San Gabriel Dam

San Gabriel Dam

View of the nearly full reservoir from the north, with the dam and spillway in the background
Country United States
Location Los Angeles County, California
Coordinates
Construction began 1932
Opening date 1939
Construction cost $17 million
Owner(s) Los Angeles Department of Water and Power
Dam and spillways
Type of dam Rockfill
Height 315 ft (96 m)
Length 1,520 ft (460 m)
Crest width 30 ft (9.1 m)
Base width 1,000 ft (300 m)
Volume 148,000,000 cu yd (113,000,000 m3)
Impounds San Gabriel River
Type of spillway Uncontrolled concrete overflow
Spillway capacity 65,000 cu ft/s (1,800 m3/s)
Reservoir
Creates San Gabriel Reservoir
Capacity 53,344 acre·ft (65,799,000 m3) (nominal)
44,183 acre·ft (54,499,000 m3) (current)
Catchment area 205 sq mi (530 km2)
Surface area 525 acres (212 ha)
Power station
Owner(s) City of Azusa
Commission date 1898
Turbines 1
Installed capacity 3 MW

San Gabriel Dam is a rockfill dam on the San Gabriel River in the San Gabriel Mountains, in Los Angeles County, California, within the Angeles National Forest. The dam is situated on the main stem of the San Gabriel about 2.5 mi (4.0 km) downstream from the confluence of the river's East and West Forks, which drain a fair portion of the San Gabriel Mountains of the Transverse Ranges.

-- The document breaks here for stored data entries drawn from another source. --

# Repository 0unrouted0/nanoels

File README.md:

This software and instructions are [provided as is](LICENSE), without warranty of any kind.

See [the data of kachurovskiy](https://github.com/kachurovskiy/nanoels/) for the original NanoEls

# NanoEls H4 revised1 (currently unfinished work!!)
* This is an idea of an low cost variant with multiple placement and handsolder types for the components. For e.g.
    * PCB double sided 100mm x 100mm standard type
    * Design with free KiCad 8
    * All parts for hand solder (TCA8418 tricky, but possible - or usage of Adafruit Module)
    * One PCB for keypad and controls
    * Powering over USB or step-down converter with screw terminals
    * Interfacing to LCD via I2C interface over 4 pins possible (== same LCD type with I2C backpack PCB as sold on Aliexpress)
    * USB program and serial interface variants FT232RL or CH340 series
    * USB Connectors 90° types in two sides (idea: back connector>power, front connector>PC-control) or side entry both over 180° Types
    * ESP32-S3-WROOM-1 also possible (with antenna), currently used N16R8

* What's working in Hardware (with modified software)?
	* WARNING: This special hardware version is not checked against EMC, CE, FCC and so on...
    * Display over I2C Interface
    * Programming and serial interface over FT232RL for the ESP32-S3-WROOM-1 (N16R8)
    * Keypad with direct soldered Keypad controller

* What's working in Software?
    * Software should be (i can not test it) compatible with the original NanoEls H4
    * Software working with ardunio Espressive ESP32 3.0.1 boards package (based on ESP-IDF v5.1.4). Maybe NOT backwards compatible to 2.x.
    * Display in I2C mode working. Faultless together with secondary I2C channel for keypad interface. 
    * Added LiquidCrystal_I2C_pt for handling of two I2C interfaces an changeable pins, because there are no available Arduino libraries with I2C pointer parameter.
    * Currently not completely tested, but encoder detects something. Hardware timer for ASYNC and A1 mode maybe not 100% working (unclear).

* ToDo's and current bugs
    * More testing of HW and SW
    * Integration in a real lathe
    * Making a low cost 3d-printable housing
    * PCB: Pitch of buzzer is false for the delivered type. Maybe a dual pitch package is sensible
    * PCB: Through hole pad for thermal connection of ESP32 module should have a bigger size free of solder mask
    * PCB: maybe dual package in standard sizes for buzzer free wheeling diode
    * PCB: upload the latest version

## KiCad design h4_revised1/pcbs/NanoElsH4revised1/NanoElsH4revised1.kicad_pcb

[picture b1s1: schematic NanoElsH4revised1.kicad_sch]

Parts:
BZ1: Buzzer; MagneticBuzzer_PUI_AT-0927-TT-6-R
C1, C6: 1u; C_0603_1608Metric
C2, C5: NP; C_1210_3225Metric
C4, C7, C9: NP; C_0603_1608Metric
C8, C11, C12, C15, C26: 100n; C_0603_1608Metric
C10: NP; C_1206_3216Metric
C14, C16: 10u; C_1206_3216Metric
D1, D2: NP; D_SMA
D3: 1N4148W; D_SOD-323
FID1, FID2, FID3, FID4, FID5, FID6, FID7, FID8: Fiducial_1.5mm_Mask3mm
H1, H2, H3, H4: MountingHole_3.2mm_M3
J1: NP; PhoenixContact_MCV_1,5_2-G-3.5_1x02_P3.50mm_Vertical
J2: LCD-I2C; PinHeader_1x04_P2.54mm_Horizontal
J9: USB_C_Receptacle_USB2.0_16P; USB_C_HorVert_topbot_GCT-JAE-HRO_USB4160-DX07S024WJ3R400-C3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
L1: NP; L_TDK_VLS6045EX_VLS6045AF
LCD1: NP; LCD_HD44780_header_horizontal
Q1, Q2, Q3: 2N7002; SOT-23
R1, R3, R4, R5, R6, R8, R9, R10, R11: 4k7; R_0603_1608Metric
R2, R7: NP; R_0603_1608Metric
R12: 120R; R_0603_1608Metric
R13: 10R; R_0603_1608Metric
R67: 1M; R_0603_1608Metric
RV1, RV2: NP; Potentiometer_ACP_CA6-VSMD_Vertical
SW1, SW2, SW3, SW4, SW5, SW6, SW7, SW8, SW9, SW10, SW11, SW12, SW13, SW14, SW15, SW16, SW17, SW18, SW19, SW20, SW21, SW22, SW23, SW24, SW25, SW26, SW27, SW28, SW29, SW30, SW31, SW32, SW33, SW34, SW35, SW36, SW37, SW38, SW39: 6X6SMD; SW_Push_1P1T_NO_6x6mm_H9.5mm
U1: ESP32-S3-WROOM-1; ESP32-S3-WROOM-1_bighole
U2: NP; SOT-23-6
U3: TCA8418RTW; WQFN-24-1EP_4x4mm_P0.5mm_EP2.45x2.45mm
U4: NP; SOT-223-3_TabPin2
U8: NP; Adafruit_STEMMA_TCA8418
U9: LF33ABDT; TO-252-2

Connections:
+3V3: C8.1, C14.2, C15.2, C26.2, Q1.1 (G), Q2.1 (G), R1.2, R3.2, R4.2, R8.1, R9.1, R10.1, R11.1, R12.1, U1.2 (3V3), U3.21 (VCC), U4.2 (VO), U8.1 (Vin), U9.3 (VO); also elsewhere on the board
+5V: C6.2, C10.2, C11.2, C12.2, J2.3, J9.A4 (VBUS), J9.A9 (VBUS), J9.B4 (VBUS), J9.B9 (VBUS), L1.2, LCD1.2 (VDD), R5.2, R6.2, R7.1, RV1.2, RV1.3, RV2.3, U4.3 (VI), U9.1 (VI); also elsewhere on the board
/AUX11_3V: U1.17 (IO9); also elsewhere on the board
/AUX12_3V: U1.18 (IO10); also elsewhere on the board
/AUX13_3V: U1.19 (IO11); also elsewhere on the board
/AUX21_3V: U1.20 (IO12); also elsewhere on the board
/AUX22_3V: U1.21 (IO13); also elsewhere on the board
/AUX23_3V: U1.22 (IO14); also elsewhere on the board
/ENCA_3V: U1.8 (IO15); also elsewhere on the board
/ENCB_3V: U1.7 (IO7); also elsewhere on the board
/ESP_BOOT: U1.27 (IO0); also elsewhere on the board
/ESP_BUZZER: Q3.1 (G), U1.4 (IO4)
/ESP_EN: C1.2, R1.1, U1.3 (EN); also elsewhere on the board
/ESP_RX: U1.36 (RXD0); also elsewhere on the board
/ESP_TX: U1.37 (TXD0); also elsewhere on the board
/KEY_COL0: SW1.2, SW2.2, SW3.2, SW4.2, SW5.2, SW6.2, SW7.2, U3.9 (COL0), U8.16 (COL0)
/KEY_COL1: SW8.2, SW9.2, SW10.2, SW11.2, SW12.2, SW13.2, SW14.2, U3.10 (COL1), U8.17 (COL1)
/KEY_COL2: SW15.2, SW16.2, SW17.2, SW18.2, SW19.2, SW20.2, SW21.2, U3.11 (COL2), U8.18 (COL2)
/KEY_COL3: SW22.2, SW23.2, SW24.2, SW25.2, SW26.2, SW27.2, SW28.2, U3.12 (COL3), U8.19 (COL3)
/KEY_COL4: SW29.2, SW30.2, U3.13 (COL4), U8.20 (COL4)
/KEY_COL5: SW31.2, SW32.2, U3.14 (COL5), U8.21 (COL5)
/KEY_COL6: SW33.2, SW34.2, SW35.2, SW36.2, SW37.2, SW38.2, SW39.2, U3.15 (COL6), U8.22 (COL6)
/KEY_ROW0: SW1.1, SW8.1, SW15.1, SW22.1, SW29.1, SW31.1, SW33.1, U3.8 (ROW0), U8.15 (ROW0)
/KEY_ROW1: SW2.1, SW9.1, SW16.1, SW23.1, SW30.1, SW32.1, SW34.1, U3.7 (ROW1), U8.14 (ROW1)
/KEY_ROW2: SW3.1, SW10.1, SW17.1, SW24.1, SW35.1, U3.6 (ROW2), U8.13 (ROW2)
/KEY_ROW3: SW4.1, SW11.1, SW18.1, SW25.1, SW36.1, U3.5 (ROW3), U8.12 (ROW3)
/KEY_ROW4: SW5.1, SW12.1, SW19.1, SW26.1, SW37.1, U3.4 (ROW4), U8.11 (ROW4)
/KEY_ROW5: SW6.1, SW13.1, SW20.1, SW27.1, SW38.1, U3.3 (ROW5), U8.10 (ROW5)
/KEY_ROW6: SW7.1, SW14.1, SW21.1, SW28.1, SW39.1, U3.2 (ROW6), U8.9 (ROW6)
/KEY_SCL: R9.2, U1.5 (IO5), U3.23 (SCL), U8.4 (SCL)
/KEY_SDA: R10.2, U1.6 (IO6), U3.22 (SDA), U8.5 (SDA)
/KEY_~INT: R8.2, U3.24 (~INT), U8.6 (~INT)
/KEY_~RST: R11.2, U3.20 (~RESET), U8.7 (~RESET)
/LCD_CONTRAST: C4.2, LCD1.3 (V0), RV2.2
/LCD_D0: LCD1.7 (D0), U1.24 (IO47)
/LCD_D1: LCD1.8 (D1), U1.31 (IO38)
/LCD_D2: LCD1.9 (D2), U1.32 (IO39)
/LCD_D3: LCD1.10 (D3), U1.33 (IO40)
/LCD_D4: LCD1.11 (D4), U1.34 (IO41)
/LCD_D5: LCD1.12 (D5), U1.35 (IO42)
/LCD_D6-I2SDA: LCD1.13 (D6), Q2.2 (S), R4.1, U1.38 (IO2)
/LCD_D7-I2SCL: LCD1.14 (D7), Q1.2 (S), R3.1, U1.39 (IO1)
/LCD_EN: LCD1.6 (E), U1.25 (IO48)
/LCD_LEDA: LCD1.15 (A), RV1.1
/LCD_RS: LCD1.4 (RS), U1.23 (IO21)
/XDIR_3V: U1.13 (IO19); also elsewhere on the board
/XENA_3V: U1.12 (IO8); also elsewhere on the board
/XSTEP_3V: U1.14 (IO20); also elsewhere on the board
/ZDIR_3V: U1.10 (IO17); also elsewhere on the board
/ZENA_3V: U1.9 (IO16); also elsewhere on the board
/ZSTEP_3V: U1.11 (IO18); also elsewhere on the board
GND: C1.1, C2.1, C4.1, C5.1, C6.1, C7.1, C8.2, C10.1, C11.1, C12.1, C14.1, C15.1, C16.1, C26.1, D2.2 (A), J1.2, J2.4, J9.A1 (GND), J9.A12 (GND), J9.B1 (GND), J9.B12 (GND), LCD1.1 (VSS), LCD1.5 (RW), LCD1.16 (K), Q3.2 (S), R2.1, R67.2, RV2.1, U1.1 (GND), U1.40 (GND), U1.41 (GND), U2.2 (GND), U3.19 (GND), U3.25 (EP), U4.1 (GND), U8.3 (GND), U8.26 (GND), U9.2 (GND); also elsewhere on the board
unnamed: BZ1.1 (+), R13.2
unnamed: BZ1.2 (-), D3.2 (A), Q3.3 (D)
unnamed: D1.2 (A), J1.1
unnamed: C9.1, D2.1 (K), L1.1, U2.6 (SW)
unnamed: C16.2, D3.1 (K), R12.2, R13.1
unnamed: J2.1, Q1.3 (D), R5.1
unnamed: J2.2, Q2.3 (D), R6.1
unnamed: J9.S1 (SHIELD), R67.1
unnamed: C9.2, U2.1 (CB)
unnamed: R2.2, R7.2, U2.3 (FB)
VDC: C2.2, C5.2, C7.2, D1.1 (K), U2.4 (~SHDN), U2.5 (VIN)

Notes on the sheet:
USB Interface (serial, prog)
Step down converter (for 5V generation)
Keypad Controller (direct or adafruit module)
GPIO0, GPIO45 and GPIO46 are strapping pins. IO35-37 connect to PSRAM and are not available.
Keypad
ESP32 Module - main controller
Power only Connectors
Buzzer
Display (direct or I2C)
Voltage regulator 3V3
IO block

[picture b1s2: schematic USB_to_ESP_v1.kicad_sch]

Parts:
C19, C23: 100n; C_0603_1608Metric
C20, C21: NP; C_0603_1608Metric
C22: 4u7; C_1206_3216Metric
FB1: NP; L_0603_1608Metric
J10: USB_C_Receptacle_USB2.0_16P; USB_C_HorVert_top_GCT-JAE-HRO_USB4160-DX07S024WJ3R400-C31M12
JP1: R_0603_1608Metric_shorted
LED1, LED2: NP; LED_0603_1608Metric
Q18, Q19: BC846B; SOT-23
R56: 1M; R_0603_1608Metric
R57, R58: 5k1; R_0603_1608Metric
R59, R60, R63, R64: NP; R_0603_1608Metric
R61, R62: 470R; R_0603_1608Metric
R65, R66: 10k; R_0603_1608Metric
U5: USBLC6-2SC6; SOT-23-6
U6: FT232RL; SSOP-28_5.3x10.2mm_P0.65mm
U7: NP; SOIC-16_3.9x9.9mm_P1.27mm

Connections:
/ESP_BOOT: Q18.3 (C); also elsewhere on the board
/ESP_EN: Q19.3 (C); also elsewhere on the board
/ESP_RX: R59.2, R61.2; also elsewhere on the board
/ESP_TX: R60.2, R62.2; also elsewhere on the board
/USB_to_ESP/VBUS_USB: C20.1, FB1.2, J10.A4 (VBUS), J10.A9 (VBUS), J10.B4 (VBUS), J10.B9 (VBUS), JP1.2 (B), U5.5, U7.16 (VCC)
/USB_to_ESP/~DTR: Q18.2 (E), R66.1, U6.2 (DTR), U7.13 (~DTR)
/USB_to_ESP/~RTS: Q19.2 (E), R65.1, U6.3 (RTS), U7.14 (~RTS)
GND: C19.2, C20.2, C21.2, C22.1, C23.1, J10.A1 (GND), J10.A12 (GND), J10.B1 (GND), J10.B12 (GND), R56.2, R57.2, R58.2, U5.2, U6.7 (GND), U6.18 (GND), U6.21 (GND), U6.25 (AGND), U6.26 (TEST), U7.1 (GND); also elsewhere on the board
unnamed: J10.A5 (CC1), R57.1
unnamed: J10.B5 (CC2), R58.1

San Gabriel Reservoir is the name of the lake impounded by the dam. It stretches nearly 3 miles (4.8 km) upstream, extending up a bit of each fork, at full pool. The reservoir stores 44,183 acre·ft (54,499,000 m3) of water when full,[1] creating one of Southern California's larger reservoirs. Its capacity was 53,344 acre·ft (65,799,000 m3) when the dam was first built, but sedimentation has since reduced its volume by about 17%.[2] The reservoir is long and narrow, stretching in a southwesterly direction along a steep gorge.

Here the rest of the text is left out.